GPU Cluster (2 cards) faulty bandwidth time estimate

Hello everyone!

I’m trying to help port a lot of python code into CUDA so as to be able to make our analysis code run faster. We have access to a cluster of GPU cards, and I was just running through the packaged CUDA bandwidthTest, and recieved some interesting results:

Quick Mode
Device to Device Bandwidth
.
Transfer Size (Bytes) Bandwidth(MB/s)
16777216 2133333.2

This is a very nice result, but I can only assume it’s faulty. The cluster consists of a head node, and a “collection” of compute nodes. The nodes are all built around an Intel Core 2 Duo (E6850) CPU on an ASUS P5N32-E motherboard. The compute nodes each sport one NVIDIA GeForce 8800 GTX GPU. (Ultimately we want to have two GPU’s in each compute node).

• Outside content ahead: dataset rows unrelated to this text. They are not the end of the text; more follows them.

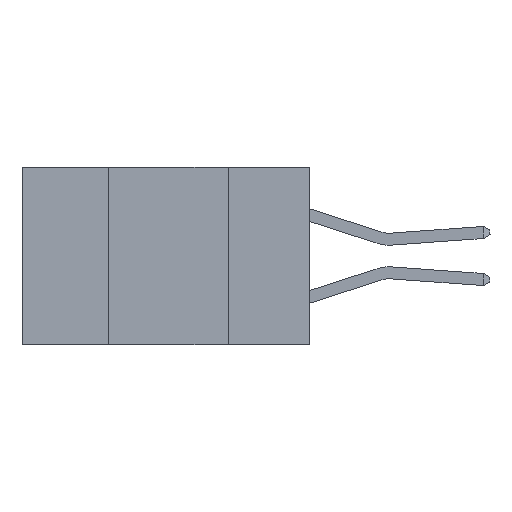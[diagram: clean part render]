
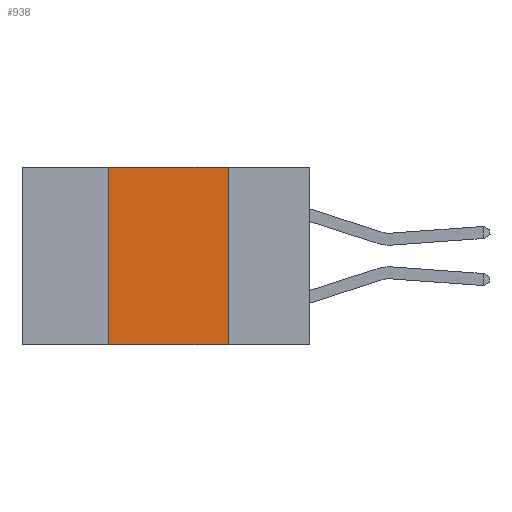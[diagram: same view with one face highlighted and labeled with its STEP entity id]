
A CAD part, left-side view. The second image highlights one B-rep face of the part: STEP entity #938.
In plain terms, the highlighted planar face has unit normal (-1, 0, 0).
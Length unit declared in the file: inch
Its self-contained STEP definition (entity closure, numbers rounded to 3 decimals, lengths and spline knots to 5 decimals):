
#636 = CARTESIAN_POINT ( 'NONE',  ( 0., 0.17, -0.37 ) ) ;
#694 = CARTESIAN_POINT ( 'NONE',  ( 0., 0.42, 0. ) ) ;
#849 = EDGE_CURVE ( 'NONE', #4145, #7556, #4758, .T. ) ;
#938 = ADVANCED_FACE ( 'NONE', ( #3857 ), #4634, .F. ) ;
#1011 = CARTESIAN_POINT ( 'NONE',  ( 0., 0.42, -0.37 ) ) ;
#1345 = ORIENTED_EDGE ( 'NONE', *, *, #849, .F. ) ;
#1407 = EDGE_CURVE ( 'NONE', #5904, #2937, #1749, .T. ) ;
#1460 = CARTESIAN_POINT ( 'NONE',  ( 0., 0.6, 0. ) ) ;
#1612 = ORIENTED_EDGE ( 'NONE', *, *, #9067, .T. ) ;
#1749 = LINE ( 'NONE', #636, #8912 ) ;
#1901 = DIRECTION ( 'NONE',  ( 0., -1., 0. ) ) ;
#2227 = DIRECTION ( 'NONE',  ( 0., 0., -1. ) ) ;
#2491 = EDGE_CURVE ( 'NONE', #7556, #5904, #3816, .T. ) ;
#2937 = VERTEX_POINT ( 'NONE', #5120 ) ;
#3065 = CARTESIAN_POINT ( 'NONE',  ( 0., 0.42, -0.37 ) ) ;
#3816 = LINE ( 'NONE', #1460, #8972 ) ;
#3857 = FACE_OUTER_BOUND ( 'NONE', #5996, .T. ) ;
#3910 = DIRECTION ( 'NONE',  ( 1., 0., 0. ) ) ;
#4145 = VERTEX_POINT ( 'NONE', #3065 ) ;
#4634 = PLANE ( 'NONE',  #7672 ) ;
#4758 = LINE ( 'NONE', #1011, #6809 ) ;
#5120 = CARTESIAN_POINT ( 'NONE',  ( 0., 0.17, -0.37 ) ) ;
#5558 = CARTESIAN_POINT ( 'NONE',  ( 0., 0.6, 0. ) ) ;
#5904 = VERTEX_POINT ( 'NONE', #6617 ) ;
#5996 = EDGE_LOOP ( 'NONE', ( #6879, #8600, #1345, #1612 ) ) ;
#6155 = DIRECTION ( 'NONE',  ( 0., -1., 0. ) ) ;
#6334 = DIRECTION ( 'NONE',  ( 0., 0., 1. ) ) ;
#6617 = CARTESIAN_POINT ( 'NONE',  ( 0., 0.17, 0. ) ) ;
#6809 = VECTOR ( 'NONE', #6334, 39.37008 ) ;
#6879 = ORIENTED_EDGE ( 'NONE', *, *, #1407, .F. ) ;
#7055 = LINE ( 'NONE', #8757, #8780 ) ;
#7556 = VERTEX_POINT ( 'NONE', #694 ) ;
#7672 = AXIS2_PLACEMENT_3D ( 'NONE', #5558, #3910, #2227 ) ;
#8173 = DIRECTION ( 'NONE',  ( 0., 0., -1. ) ) ;
#8600 = ORIENTED_EDGE ( 'NONE', *, *, #2491, .F. ) ;
#8757 = CARTESIAN_POINT ( 'NONE',  ( 0., 0.6, -0.37 ) ) ;
#8780 = VECTOR ( 'NONE', #6155, 39.37008 ) ;
#8912 = VECTOR ( 'NONE', #8173, 39.37008 ) ;
#8972 = VECTOR ( 'NONE', #1901, 39.37008 ) ;
#9067 = EDGE_CURVE ( 'NONE', #4145, #2937, #7055, .T. ) ;

As it stands, this is at least one order of magnitude greater than I think would be a believable result. Is there anyone else who has run into this problem, or anyone with any ideas for suggestions? My ultimate goal being to be able to run some sort of bandwidthTest (modified perhaps) that gives an accurate result.

Thank you!

Which driver are you using?
What’s the full output?
Do the other SDK apps work ok?

I don’t know the driver, but I will ask.

Other apps seem to work ok.

Here’s the output:

Quick Mode
Host to Device Bandwidth for Pageable memory
.
Transfer Size (Bytes) Bandwidth(MB/s)
16777216 1134751.9

Quick Mode
Device to Host Bandwidth for Pageable memory
.
Transfer Size (Bytes) Bandwidth(MB/s)
16777216 1176470.5

Quick Mode
Device to Device Bandwidth
.
Transfer Size (Bytes) Bandwidth(MB/s)
16777216 2064516.1

&&&& Test PASSED

The driver most likely is the:
NVIDIA Driver for Linux with CUDA Support (169.09)

It is definatly a Linux driver, and almost assuredly an older version.

Thank you.

Yes that driver is rather old. You need to upgrade to the CUDA_2.0 driver.